───── Data for this task

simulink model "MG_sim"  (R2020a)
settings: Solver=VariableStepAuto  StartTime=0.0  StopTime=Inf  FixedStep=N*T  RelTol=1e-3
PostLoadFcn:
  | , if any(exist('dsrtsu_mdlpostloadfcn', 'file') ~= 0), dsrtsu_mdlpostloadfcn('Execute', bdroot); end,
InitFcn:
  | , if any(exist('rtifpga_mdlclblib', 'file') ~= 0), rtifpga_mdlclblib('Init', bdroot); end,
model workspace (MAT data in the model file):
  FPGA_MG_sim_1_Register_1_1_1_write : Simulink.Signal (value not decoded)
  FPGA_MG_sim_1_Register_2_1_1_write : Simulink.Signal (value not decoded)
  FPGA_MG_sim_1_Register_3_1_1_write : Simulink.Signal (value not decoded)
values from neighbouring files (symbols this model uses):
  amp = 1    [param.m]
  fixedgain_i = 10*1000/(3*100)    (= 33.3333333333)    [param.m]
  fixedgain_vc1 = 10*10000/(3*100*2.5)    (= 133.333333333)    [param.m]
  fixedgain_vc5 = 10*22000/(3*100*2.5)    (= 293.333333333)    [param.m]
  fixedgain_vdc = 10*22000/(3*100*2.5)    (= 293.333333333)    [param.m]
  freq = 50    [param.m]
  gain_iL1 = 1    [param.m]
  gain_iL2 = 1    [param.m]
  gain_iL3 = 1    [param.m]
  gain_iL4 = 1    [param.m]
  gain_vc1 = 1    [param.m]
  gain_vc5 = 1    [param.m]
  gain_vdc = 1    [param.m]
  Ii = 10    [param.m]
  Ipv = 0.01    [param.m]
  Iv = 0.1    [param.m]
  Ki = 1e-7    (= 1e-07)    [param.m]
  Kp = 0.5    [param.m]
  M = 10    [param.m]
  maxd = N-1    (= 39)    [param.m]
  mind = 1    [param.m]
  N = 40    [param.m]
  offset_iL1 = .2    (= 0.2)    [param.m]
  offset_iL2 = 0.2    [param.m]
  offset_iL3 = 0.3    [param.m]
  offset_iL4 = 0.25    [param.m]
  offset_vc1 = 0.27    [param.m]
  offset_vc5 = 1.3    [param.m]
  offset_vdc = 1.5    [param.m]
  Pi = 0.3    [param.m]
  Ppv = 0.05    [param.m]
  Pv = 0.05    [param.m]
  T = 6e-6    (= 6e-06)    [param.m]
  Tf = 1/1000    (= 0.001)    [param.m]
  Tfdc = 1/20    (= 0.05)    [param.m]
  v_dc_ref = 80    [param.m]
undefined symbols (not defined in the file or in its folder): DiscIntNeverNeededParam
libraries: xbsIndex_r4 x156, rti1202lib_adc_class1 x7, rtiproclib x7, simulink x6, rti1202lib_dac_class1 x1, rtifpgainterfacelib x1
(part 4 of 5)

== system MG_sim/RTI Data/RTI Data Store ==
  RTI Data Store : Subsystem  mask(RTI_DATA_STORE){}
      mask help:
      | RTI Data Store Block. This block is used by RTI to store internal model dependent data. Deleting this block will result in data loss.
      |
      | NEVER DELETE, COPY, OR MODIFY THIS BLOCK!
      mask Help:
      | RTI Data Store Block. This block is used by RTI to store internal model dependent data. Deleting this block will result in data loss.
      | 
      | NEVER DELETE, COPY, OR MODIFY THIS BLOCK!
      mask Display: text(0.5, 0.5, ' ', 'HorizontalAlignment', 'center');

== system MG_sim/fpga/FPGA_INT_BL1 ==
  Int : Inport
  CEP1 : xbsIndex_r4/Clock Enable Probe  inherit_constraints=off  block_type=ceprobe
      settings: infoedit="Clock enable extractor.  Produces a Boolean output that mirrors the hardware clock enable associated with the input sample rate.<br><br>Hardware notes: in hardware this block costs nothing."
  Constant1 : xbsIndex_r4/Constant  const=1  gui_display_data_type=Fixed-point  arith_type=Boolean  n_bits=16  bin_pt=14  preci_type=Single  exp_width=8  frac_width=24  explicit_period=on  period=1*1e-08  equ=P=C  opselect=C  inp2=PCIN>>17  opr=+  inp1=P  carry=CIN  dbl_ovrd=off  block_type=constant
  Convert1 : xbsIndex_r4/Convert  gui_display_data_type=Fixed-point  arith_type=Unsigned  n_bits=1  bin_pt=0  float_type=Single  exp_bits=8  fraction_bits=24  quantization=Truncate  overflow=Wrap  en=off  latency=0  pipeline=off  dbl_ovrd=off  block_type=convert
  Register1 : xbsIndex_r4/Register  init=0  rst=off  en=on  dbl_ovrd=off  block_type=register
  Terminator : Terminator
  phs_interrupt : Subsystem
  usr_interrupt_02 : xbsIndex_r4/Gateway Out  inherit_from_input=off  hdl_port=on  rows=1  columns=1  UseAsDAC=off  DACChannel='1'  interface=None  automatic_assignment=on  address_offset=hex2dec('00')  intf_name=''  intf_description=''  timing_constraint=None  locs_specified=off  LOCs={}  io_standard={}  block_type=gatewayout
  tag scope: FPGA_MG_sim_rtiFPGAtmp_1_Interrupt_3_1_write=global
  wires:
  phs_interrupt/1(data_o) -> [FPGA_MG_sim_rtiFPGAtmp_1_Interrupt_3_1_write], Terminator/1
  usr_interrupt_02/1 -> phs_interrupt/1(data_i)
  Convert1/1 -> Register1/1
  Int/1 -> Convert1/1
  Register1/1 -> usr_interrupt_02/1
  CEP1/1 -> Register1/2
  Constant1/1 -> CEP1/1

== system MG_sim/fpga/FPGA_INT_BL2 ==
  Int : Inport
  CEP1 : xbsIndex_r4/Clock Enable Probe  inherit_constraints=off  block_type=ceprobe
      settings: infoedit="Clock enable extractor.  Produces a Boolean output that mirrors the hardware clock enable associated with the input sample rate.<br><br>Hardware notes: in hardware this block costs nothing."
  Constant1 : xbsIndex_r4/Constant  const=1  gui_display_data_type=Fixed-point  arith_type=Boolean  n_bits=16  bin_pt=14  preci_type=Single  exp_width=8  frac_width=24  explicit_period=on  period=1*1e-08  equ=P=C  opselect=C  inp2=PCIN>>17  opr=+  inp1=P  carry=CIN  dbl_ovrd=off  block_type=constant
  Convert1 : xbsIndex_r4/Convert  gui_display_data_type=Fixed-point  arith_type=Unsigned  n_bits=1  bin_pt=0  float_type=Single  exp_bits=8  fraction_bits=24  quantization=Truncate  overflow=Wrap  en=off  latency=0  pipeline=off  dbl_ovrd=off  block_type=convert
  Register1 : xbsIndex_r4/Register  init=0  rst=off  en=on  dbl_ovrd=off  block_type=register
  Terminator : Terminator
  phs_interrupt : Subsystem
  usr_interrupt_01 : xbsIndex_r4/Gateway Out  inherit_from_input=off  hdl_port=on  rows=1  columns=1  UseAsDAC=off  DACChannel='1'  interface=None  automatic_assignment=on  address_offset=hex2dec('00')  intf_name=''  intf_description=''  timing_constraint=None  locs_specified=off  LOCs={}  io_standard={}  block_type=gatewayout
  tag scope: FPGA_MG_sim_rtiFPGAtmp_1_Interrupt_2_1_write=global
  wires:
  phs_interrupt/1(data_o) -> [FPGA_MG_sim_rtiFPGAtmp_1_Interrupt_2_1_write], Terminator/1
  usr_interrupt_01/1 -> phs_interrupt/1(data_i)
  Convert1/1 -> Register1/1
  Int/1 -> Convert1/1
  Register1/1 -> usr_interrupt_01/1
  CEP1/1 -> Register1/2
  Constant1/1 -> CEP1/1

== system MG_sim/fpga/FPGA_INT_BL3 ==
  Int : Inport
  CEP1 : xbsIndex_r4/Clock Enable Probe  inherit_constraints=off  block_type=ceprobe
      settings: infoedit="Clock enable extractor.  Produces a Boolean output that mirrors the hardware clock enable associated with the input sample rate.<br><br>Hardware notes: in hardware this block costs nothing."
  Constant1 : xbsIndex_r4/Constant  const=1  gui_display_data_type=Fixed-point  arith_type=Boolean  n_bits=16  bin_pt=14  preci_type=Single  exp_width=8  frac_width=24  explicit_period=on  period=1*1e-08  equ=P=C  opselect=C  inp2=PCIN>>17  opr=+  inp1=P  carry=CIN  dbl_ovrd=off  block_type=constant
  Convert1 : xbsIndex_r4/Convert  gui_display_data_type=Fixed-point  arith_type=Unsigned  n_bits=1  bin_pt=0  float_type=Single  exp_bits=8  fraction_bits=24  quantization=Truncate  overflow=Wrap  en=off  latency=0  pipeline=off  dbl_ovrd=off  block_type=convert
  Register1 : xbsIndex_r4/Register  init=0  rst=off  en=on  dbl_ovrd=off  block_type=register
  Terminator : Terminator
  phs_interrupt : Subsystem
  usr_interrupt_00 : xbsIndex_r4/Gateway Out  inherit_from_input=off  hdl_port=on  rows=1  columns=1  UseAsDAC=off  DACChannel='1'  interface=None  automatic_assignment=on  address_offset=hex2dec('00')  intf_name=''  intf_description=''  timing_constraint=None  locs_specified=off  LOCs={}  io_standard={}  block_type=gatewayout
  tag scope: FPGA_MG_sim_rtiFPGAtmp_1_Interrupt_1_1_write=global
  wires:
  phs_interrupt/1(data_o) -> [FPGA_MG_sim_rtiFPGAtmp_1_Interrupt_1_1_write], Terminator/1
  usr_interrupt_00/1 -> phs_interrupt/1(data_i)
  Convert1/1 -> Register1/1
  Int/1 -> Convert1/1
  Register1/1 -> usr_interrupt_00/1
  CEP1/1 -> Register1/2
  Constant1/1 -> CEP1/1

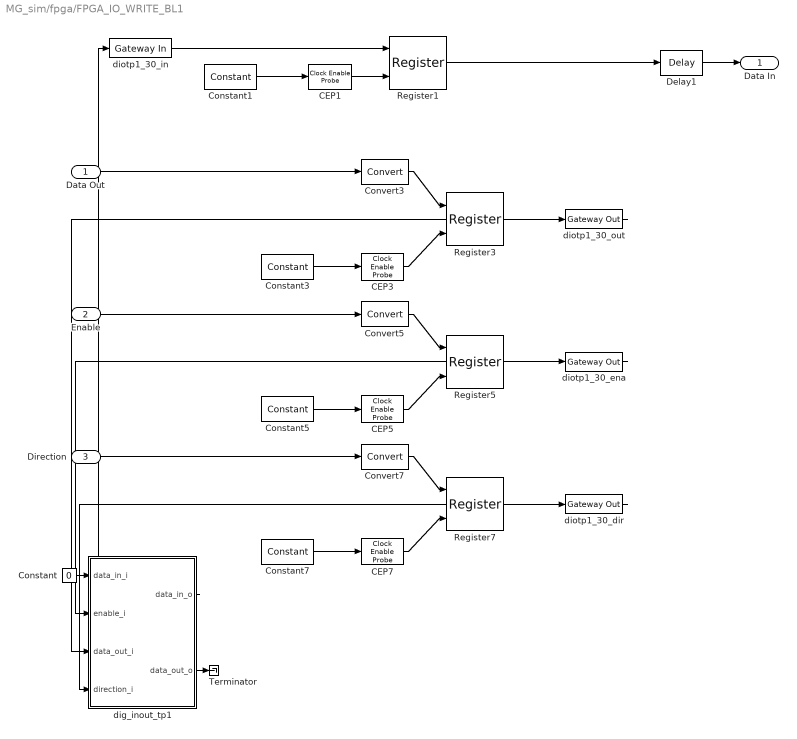
== system MG_sim/fpga/FPGA_IO_WRITE_BL1 ==
  Data Out : Inport
  Enable : Inport  Port=2
  Direction : Inport  Port=3
  CEP{1,3,5,7} (4 alike) : xbsIndex_r4/Clock Enable Probe  inherit_constraints=off  block_type=ceprobe
      settings: infoedit="Clock enable extractor.  Produces a Boolean output that mirrors the hardware clock enable associated with the input sample rate.<br><br>Hardware notes: in hardware this block costs nothing."
  Constant : Constant  Value=0
  Constant{1,3,5,7} (4 alike) : xbsIndex_r4/Constant  const=1  gui_display_data_type=Fixed-point  arith_type=Boolean  n_bits=16  bin_pt=14  preci_type=Single  exp_width=8  frac_width=24  explicit_period=on  period=1*1e-08  equ=P=C  opselect=C  inp2=PCIN>>17  opr=+  inp1=P  carry=CIN  dbl_ovrd=off  block_type=constant
  Convert3 : xbsIndex_r4/Convert  gui_display_data_type=Fixed-point  arith_type=Unsigned  n_bits=1  bin_pt=0  float_type=Single  exp_bits=8  fraction_bits=24  quantization=Truncate  overflow=Wrap  en=off  latency=0  pipeline=off  dbl_ovrd=off  block_type=convert
  Convert5 : xbsIndex_r4/Convert  gui_display_data_type=Fixed-point  arith_type=Unsigned  n_bits=1  bin_pt=0  float_type=Single  exp_bits=8  fraction_bits=24  quantization=Truncate  overflow=Wrap  en=off  latency=0  pipeline=off  dbl_ovrd=off  block_type=convert
  Convert7 : xbsIndex_r4/Convert  gui_display_data_type=Fixed-point  arith_type=Unsigned  n_bits=1  bin_pt=0  float_type=Single  exp_bits=8  fraction_bits=24  quantization=Truncate  overflow=Wrap  en=off  latency=0  pipeline=off  dbl_ovrd=off  block_type=convert
  Delay1 : xbsIndex_r4/Delay  rst=off  infoeditControl=Selection of Reset will increase slice count due to use of real FFs and instead of SRLs  en=off  latency=0  reg_retiming=off  dbl_ovrd=off  block_type=delay
  Register{1,3,5,7} (4 alike) : xbsIndex_r4/Register  init=0  rst=off  en=on  dbl_ovrd=off  block_type=register
  Terminator : Terminator
  dig_inout_tp1 : Subsystem
      mask init:
      | par = rtifpgafcnlib('GetCurrentParaValue', get_param(get(gcbh, 'parent'), 'handle'));
      | if isempty(par)
      |     return
      | end
      | inverted_dio = str2double(par(2).Value{1});
      | vsetting = str2double(par(5).Value{1});
      | switch vsetting 
      |     case 1
      |         voltage = 3.3
      |     case 2
      |         voltage = 2.5;
      |     otherwise
      |         voltage = 5;
      | end
  diotp1_30_dir : xbsIndex_r4/Gateway Out  inherit_from_input=off  hdl_port=on  rows=1  columns=1  UseAsDAC=off  DACChannel='1'  interface=None  automatic_assignment=on  address_offset=hex2dec('00')  intf_name=''  intf_description=''  timing_constraint=None  locs_specified=off  LOCs={}  io_standard={}  block_type=gatewayout
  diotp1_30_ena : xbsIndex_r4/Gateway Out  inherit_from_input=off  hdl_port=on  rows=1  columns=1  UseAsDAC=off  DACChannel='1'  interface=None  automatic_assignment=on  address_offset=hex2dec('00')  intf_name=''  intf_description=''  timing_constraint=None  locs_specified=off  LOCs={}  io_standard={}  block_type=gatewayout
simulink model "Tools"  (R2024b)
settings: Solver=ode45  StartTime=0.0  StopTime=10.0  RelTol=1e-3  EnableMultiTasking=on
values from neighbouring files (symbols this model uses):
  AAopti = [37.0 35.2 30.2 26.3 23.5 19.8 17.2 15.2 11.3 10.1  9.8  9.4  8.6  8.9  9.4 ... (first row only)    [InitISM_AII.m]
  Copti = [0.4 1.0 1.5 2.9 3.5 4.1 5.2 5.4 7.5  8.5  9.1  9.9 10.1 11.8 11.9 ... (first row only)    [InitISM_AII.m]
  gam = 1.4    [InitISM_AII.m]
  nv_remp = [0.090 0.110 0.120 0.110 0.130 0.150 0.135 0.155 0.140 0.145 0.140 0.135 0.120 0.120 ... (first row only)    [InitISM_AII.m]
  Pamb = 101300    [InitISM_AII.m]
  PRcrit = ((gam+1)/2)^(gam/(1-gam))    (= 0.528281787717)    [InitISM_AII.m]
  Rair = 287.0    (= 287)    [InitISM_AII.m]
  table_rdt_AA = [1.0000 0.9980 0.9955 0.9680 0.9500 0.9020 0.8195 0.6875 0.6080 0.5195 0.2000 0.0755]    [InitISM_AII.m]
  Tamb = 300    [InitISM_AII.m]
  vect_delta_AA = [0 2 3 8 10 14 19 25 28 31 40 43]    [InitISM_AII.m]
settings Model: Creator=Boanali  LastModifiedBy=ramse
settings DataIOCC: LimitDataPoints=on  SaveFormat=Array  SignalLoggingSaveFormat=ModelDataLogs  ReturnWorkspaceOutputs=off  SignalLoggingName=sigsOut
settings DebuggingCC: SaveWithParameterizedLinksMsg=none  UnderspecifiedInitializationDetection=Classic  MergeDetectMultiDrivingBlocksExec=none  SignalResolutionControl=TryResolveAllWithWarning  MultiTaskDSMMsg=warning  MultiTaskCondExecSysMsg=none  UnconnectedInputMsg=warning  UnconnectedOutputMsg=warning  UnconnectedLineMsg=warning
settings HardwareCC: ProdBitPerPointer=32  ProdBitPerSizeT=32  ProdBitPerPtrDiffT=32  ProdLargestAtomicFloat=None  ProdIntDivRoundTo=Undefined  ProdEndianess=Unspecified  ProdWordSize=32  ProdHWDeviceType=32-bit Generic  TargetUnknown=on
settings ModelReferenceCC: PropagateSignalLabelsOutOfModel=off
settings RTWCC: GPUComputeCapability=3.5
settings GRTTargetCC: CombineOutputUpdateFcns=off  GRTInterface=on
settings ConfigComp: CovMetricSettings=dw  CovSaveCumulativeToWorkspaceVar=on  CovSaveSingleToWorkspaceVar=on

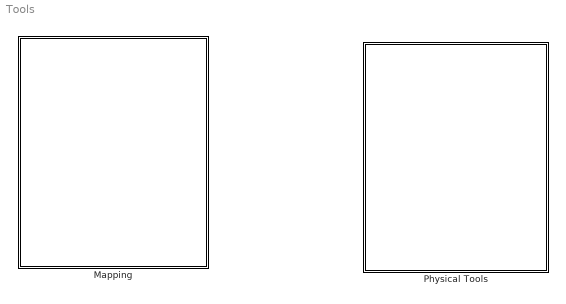
== system Tools ==
  Mapping : Subsystem
      mask Display: disp('CARTOGRAPHIES')
  Physical Tools : Subsystem
      mask Display: disp('PHYSICAL TOOLS')

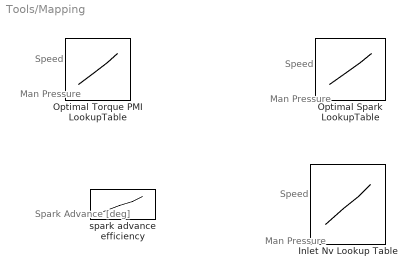
== system Tools/Mapping ==
  note: Speed
  note: Speed
  note: Spark Advance
      | [deg]
  note: Man Pressure
  note: Man Pressure
  note: Speed
  note: Man Pressure
  Inlet Nv Lookup Table : Lookup2D  RowIndex=Ne_remp  ColumnIndex=Pcol_remp  Table=nv_remp
  Optimal Spark LookupTable : Lookup2D  RowIndex=Ne_remp  ColumnIndex=Pcol_remp  Table=AAopti
  Optimal Torque PMI LookupTable : Lookup2D  RowIndex=Ne_remp  ColumnIndex=Pcol_remp  Table=Copti
  spark advance efficiency : Lookup  InputValues=vect_delta_AA  Table=table_rdt_AA

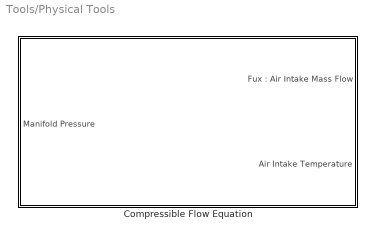
== system Tools/Physical Tools ==
  Compressible Flow Equation : Subsystem

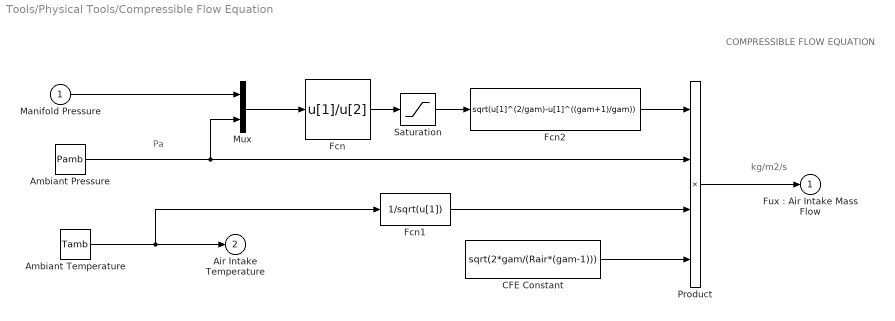
== system Tools/Physical Tools/Compressible Flow Equation ==
  note: COMPRESSIBLE FLOW EQUATION
  note: Pa
  note: kg/m2/s
  Manifold Pressure : Inport
  Ambiant Pressure : Constant  Value=Pamb
  Ambiant Temperature : Constant  Value=Tamb
  "CFE Constant " : Constant  Value=sqrt(2*gam/(Rair*(gam-1)))
  Fcn : Fcn  Expr=u[1]/u[2]
  Fcn1 : Fcn  Expr=1/sqrt(u[1])
  Fcn2 : Fcn  Expr=sqrt(u[1]^(2/gam)-u[1]^((gam+1)/gam))
  Mux : Mux  Inputs=2
  Product : Product  Inputs=4  InputSameDT=on  SaturateOnIntegerOverflow=on  OutDataTypeStr=Inherit: Same as first input
  Saturation : Saturate  UpperLimit=1  LowerLimit=PRcrit
  "Fux : Air Intake Mass Flow" : Outport
  Air Intake Temperature : Outport  Port=2
  wires:
  Ambiant Pressure/1 -> Product/2, Mux/2
  Product/1 -> "Fux : Air Intake Mass Flow"/1
  "CFE Constant "/1 -> Product/4
  Fcn2/1 -> Product/1
  Saturation/1 -> Fcn2/1
  Fcn1/1 -> Product/3
  Fcn/1 -> Saturation/1
  Mux/1 -> Fcn/1
  Manifold Pressure/1 -> Mux/1
  Ambiant Temperature/1 -> Fcn1/1, Air Intake Temperature/1

──────────

Task goal
Once you have located every line with the word "Rair" in the material above, list those lines.

Final answer
  Rair = 287.0    (= 287)    [InitISM_AII.m]
  "CFE Constant " : Constant  Value=sqrt(2*gam/(Rair*(gam-1)))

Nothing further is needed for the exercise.